The characteristics of land set out above also apply to certain forms of capital. Some economists for this reason have doubted the usefulness of the distinction between land an capital.
Some forms of capital are fixed in supply in the short run, and their reward is therefore in the nature of a rent. If there is a sudden increase in the demand for steel, the existing blast furnaces and rolling mills will become more valuable because in the short run such plant cannot be increased in supply. In the long run of course the capacity of the steel industry can be increased; the resemblance to land applies only in the short run.
In the short run many forms of capital equipment have no effective cost of being used. They originally cost something to buy but having once been bought they cost no more to use than to leave idle, and in this sense they resemble land. Again, however, the resemblance is confined to the short run. In the long run machinery wears out and has to be replaced, and will not be replaced unless its earning promise to cover its cost of production.
Marshall referred to the earnings of such equipment as ‘quasi rent’ because, although resembling a rent in the short run, they were not a true rent as they did not resemble the earnings of land in the long run. The principle can be applied very widely; there are rent elements for example in the wages of workers whose supply is fixed in the short run because of a long period of training required for the job. If the supply of a particular type of worker is fixed because of some rare natural gift required, the excess wages he earns because of the scarcity are a true rent, because they persist in the long run as well as in the short run.

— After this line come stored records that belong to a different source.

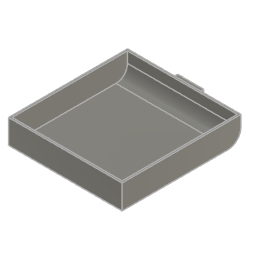
Drawer (Autodesk Fusion 360 design; units mm, degrees)
Autodesk Fusion 360 part; units mm, degrees
sketch "Sketch1" plane through (0, 9.525, 0) normal (0, 1, 0) x (-1, 0, 0)
  line L0 (40.0034, -41.91) -> (40.0034, -46.99)
  line L1 (40.0034, -46.99) -> (150.4934, -46.99)
  line L2 (150.4934, -46.99) -> (150.4934, -41.91)
  line L3 (150.4934, -41.91) -> (175.8934, -41.91)
  line L4 (175.8934, -41.91) -> (175.8934, -6.985)
  line L5 (175.8934, -6.985) -> (14.6034, -6.985)
  line L6 (14.6034, -6.985) -> (14.6034, -41.91)
  line L7 (14.6034, -41.91) -> (40.0034, -41.91)
  line L8 (40.3534, -46.64) -> (150.1434, -46.64)
  line L9 (150.1434, -46.64) -> (150.1434, -41.56)
  line L10 (150.1434, -41.56) -> (175.5434, -41.56)
  line L11 (175.5434, -41.56) -> (175.5434, -7.335)
  line L12 (175.5434, -7.335) -> (14.9534, -7.335)
  line L13 (14.9534, -7.335) -> (14.9534, -41.56)
  line L14 (14.9534, -41.56) -> (40.3534, -41.56)
  line L15 (40.3534, -41.56) -> (40.3534, -46.64)
  line L16 (40.3534, -41.56) -> (150.1434, -41.56)
  dimension "d105" = -0.35
extrude "Extrude1" add sketch "Sketch1" along normal up to surface (168.275 mm away) contours L10 L11 L12 L13 L14 L16
fillet "Fillet2" chord length 26.67 tangency weight 1.05 1 edges at (-95.2484, 177.8, -41.56)
shell "Shell2" thickness 2.54 removed faces 1 at (-122.0134, 65.6167, -7.335)
sketch "Sketch2" plane through (0, 177.8, 0) normal (0, 1, 0) x (-1, 0, 0)
  line L0 (175.5434, -22.7015) -> (14.9534, -22.7015)
  line L1 (175.5434, -22.7015) -> (175.5434, -7.335)
  line L2 (175.5434, -7.335) -> (14.9534, -7.335)
  line L3 (14.9534, -7.335) -> (14.9534, -22.7015)
  line L4 (14.9534, -15.0182) -> (175.5434, -15.0182) construction
  line L5 (95.2484, -7.335) -> (95.2484, -22.7015) construction
  line L6 (76.8334, -12.1607) -> (82.5484, -12.1607)
  line L7 (82.5484, -12.1607) -> (82.5484, -17.8757)
  line L8 (82.5484, -17.8757) -> (76.8334, -17.8757)
  line L9 (76.8334, -17.8757) -> (76.8334, -12.1607)
  line L10 (76.8334, -12.1607) -> (82.5484, -17.8757) construction
  line L11 (82.5484, -12.1607) -> (76.8334, -17.8757) construction
  line L12 (107.9484, -12.1607) -> (107.9484, -17.8757)
  line L13 (113.6634, -12.1607) -> (107.9484, -12.1607)
  line L14 (113.6634, -17.8757) -> (113.6634, -12.1607)
  line L15 (107.9484, -17.8757) -> (113.6634, -17.8757)
  point P0 (79.6909, -15.0182)
  dimension "d122" = 5.715
  dimension "d123" = 5.715
  dimension "d124" = 12.7
  constraint midpoint L3 L4.start
  constraint midpoint L1 L4.end
  constraint midpoint L2 L5.start
  constraint midpoint L0 L5.end
  constraint horizontal L6
  constraint perpendicular L6 L7
  constraint parallel L6 L8
  constraint parallel L7 L9
  constraint coincident L10 P0
  constraint coincident L11 P0
  constraint coincident L4 P0
  constraint symmetric L5 L6.start L13.start
  constraint symmetric L5 L6.end L12.start
  constraint symmetric L5 L7.end L12.end
  constraint symmetric L5 L8.end L14.start
  measures "d122" distance of L7.end L8.end
  measures "d123" distance of L6.end L7.end
  measures "d124" distance of L5 L7
ref_plane "WorkPlane1" through (-95.2484, 93.6625, -14.955) normal (0, 0, 1) x (1, 0, 0)
sketch "Sketch3" plane through (0, 0, -14.955) normal (0, 0, 1) x (1, 0, 0)
  line L0 (-113.6634, 177.8) -> (-107.9484, 177.8)
  line L1 (-79.6909, 177.8) -> (-79.6909, 184.1413)
  line L2 (-79.6909, 184.1413) -> (-110.8059, 184.1413)
  line L3 (-110.8059, 184.1413) -> (-110.8059, 177.8)
  point P0 (-79.6909, 177.8)
  point P1 (-110.8059, 177.8)
  constraint midpoint L0 P1
  constraint coincident P0 L1.start
  constraint vertical L1
  constraint perpendicular L1 L2
  constraint coincident P1 L3.end
  constraint perpendicular L0 L3
sweep "Sweep1" add profiles "Sketch2" path "Sketch3" along L1 L2 L3 section 1 contours L6 L7 L8 L9
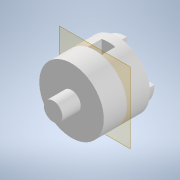
# Autodesk Inventor part: PotAttachmentB10L
Saved by Autodesk Inventor 2022 (Build 260153000, 153)
## iProperties
Created: 2021-10-23
Part Number: PotAttachmentB10L
Material: Generic
Document SubType Name: Modeling
Designer: teh18
Density: 1 g/cm^3
Appearance: Default
Author: teh18
Autodesk Inventor part; units mm, degrees
ref_plane "YZ Plane" through (0, 0, 0) normal (1, 0, 0) x (0, 1, 0)
ref_plane "XZ Plane" through (0, 0, 0) normal (0, 1, 0) x (-1, 0, 0)
ref_plane "XY Plane" through (0, 0, 0) normal (0, 0, 1) x (1, 0, 0)
sketch "Sketch1" plane through (0, 0, 0) normal (0, 0, 1) x (1, 0, 0)
  arc A0 (-0.1225, 6.9989) -> (-6, 3.6056) centre (0, 0) ccw projected
  circle A1 centre (0, 0) radius 7
  line L0 (0, -12) -> (0, -10) projected
  arc A2 (0, -10) -> (10, 0) centre (0, 0) ccw projected
  line L1 (10, 0) -> (12, 0) projected
  arc A3 (0, -12) -> (12, 0) centre (0, 0) ccw projected
  line L2 (0, 12) -> (0, 10) projected
  arc A4 (0, 10) -> (-10, 0) centre (0, 0) ccw projected
  line L3 (-10, 0) -> (-12, 0) projected
  arc A5 (0, 12) -> (-12, 0) centre (0, 0) ccw projected
  arc A6 (4.4269, -19.95) -> (6.1412, -19.4907) centre (5.1647, -19.275) ccw projected
  arc A7 (13.8088, -15.0638) -> (6.1412, -19.4907) centre (12, -20.7846) ccw projected
  arc A8 (13.8088, -15.0638) -> (15.0638, -13.8088) centre (14.1103, -14.1103) ccw projected
  arc A9 (19.4907, -6.1412) -> (15.0638, -13.8088) centre (20.7846, -12) ccw projected
  arc A10 (19.4907, -6.1412) -> (19.95, -4.4269) centre (19.275, -5.1647) ccw projected
  arc A11 (27.8571, 4.5959) -> (19.95, -4.4269) centre (24, 0) ccw projected
  arc A12 (27.8571, 4.5959) -> (29.4828, 5.5468) centre (28.5, 5.3619) ccw projected
  arc A13 (29.4828, 5.5468) -> (27.5804, 11.8035) centre (0, 0) ccw projected
  line L4 (27.5804, 11.8035) -> (33.0964, 14.1643) projected
  arc A14 (33.0964, 14.1643) -> (26.445, 24.4267) centre (0, 0) ccw projected
  line L5 (26.445, 24.4267) -> (22.0375, 20.3556) projected
  arc A15 (22.0375, 20.3556) -> (-20.3556, 22.0375) centre (0, 0) ccw projected
  line L6 (-20.3556, 22.0375) -> (-16.2845, 17.63) projected
  arc A16 (-16.2845, 17.63) -> (-5.9529, -23.25) centre (0, 0) ccw projected
  arc A17 (4.4269, -19.95) -> (-5.9529, -23.25) centre (0, -24) ccw projected
  arc A18 (-1, 6.9282) -> (-6.9282, 1) centre (0, 0) ccw projected
  line L7 (-1, 6.9282) -> (-1, 1) projected
  line L8 (-1, 1) -> (-6.9282, 1) projected
  line L9 (-6.9282, -1) -> (-1, -1) projected
  line L10 (-1, -1) -> (-1, -6.9282) projected
  arc A19 (-6.9282, -1) -> (-1, -6.9282) centre (0, 0) ccw projected
  line L11 (1, -6.9282) -> (1, -1) projected
  line L12 (1, -1) -> (6.9282, -1) projected
  arc A20 (1, -6.9282) -> (6.9282, -1) centre (0, 0) ccw projected
  line L13 (6.9282, 1) -> (1, 1) projected
  line L14 (1, 1) -> (1, 6.9282) projected
  arc A21 (6.9282, 1) -> (1, 6.9282) centre (0, 0) ccw projected
  circle A22 centre (0, 0) radius 14
  point P0 (0, 0)
  point P1 (-6, 3.6056)
  point P2 (-0.1225, 6.9989)
  dimension "d2" = 28
  constraints: 1 centre point, 1 coincident, 2 other
  measures "d2" diameter of A22
extrude "Extrusion1" add sketch "Sketch1" along normal blind 20 contours L0 A2 L1 A3 | L2 A4 L3 A5 | A22
sketch "Sketch2" plane through (0, 0, 0) normal (0, 0, -1) x (-1, 0, 0)
  line L0 (0, -12) -> (0, -10) projected
  arc A0 (-10, 0) -> (0, -10) centre (0, 0) ccw projected
  line L1 (-10, 0) -> (-12, 0) projected
  arc A1 (-12, 0) -> (0, -12) centre (0, 0) ccw projected
  line L2 (0, 12) -> (0, 10) projected
  arc A2 (10, 0) -> (0, 10) centre (0, 0) ccw projected
  line L3 (10, 0) -> (12, 0) projected
  arc A3 (12, 0) -> (0, 12) centre (0, 0) ccw projected
  arc A4 (-6.1412, -19.4907) -> (-4.4269, -19.95) centre (-5.1647, -19.275) ccw projected
  arc A5 (-6.1412, -19.4907) -> (-13.8088, -15.0638) centre (-12, -20.7846) ccw projected
  arc A6 (-15.0638, -13.8088) -> (-13.8088, -15.0638) centre (-14.1103, -14.1103) ccw projected
  arc A7 (-15.0638, -13.8088) -> (-19.4907, -6.1412) centre (-20.7846, -12) ccw projected
  arc A8 (-19.95, -4.4269) -> (-19.4907, -6.1412) centre (-19.275, -5.1647) ccw projected
  arc A9 (-19.95, -4.4269) -> (-27.8571, 4.5959) centre (-24, 0) ccw projected
  arc A10 (-29.4828, 5.5468) -> (-27.8571, 4.5959) centre (-28.5, 5.3619) ccw projected
  arc A11 (-27.5804, 11.8035) -> (-29.4828, 5.5468) centre (0, 0) ccw projected
  line L4 (-27.5804, 11.8035) -> (-33.0964, 14.1643) projected
  arc A12 (-26.445, 24.4267) -> (-33.0964, 14.1643) centre (0, 0) ccw projected
  line L5 (-26.445, 24.4267) -> (-22.0375, 20.3556) projected
  arc A13 (20.3556, 22.0375) -> (-22.0375, 20.3556) centre (0, 0) ccw projected
  line L6 (20.3556, 22.0375) -> (16.2845, 17.63) projected
  arc A14 (5.9529, -23.25) -> (16.2845, 17.63) centre (0, 0) ccw projected
  arc A15 (5.9529, -23.25) -> (-4.4269, -19.95) centre (0, -24) ccw projected
  arc A16 (6.9282, 1) -> (1, 6.9282) centre (0, 0) ccw projected
  line L7 (1, 6.9282) -> (1, 1) projected
  line L8 (1, 1) -> (6.9282, 1) projected
  line L9 (6.9282, -1) -> (1, -1) projected
  line L10 (1, -1) -> (1, -6.9282) projected
  arc A17 (1, -6.9282) -> (6.9282, -1) centre (0, 0) ccw projected
  line L11 (-1, -6.9282) -> (-1, -1) projected
  line L12 (-1, -1) -> (-6.9282, -1) projected
  arc A18 (-6.9282, -1) -> (-1, -6.9282) centre (0, 0) ccw projected
  line L13 (-6.9282, 1) -> (-1, 1) projected
  line L14 (-1, 1) -> (-1, 6.9282) projected
  arc A19 (-1, 6.9282) -> (-6.9282, 1) centre (0, 0) ccw projected
  point P0 (0, 0)
extrude "Extrusion2" add sketch "Sketch2" along normal blind 4 contours A1 L1 A0 L0 | A3 L3 A2 L2
ref_plane "Work Plane1" through (0, 0, 10) normal (0, 0, 1) x (1, 0, 0)
sketch "Sketch4" plane through (0, 0, 10) normal (0, 0, 1) x (1, 0, 0)
  circle A0 centre (0, 0) radius 3
  circle A1 centre (0, 0) radius 7 projected
  dimension "d10" = 6
  constraints: 1 centre point, 1 coincident
  measures "d10" diameter of A0
extrude "Extrusion4" add sketch "Sketch4" along normal up to surface (10 mm away) contours A0 | A1
sketch "Sketch6" plane through (0, 0, 20) normal (0, 0, 1) x (1, 0, 0)
  circle A0 centre (0, 0) radius 4
  dimension "d25" = 8
  constraints: 1 centre point, 1 coincident
  measures "d25" diameter of A0
extrude "Extrusion6" add sketch "Sketch6" along normal blind 8
sketch "Sketch5" plane through (0, 0, 10) normal (0, 0, 1) x (1, 0, 0)
  line L0 (-3, 24.9703) -> (3, 24.9703)
  line L1 (3, 24.9703) -> (3, 3)
  line L2 (3, 3) -> (-3, 3)
  line L3 (-3, 3) -> (-3, 24.9703)
  line L4 (-3, 24.9703) -> (3, 3) construction
  line L5 (3, 24.9703) -> (-3, 3) construction
  arc A0 (3, 0) -> (3, 0) centre (0, 0) ccw projected
  circle A1 centre (0, 0) radius 14 projected
  point P0 (0, 13.9851)
  point P1 (0, 24.9703)
  dimension "d14" = 6
  constraints: 12 end point, 3 midpoint, 2 parallel, 1 horizontal, 1 perpendicular
  measures "d14" distance of L1.end L2.end
extrude "Extrusion5" cut sketch "Sketch5" against normal blind 6 contours L0 L1 A1 L3 | A1 L1 L2 L3 picked at (2, 6.5583)
spur gear teeth "Spur Gear2" teeth 15 pitch diameter 15 tip diameter 17 root diameter 12.5 face width 8 trims to tip circle yes start plane through (0, 0, 20) normal (0, 0, 1) x (1, 0, 0)
body "Solid1"

It will be seen that it is quite possible to do without the concept of rent in economic analysis, assimilating land to other forms of capital. Its only claim to separate consideration is that its supply curve is unusually inelastic. Even this is only true of land as a whole. The supply of land for a particular use is obviously elastic as more land can be brought in from other uses. The supply of land for a particular purpose therefore has an opportunity cost, for if it is used for one purpose it cannot be used for another. However, the term rent has now become part of terminology of economics for describing the return to any factor of production the supply of which is highly inelastic. It is a useful short way of writing this phrase.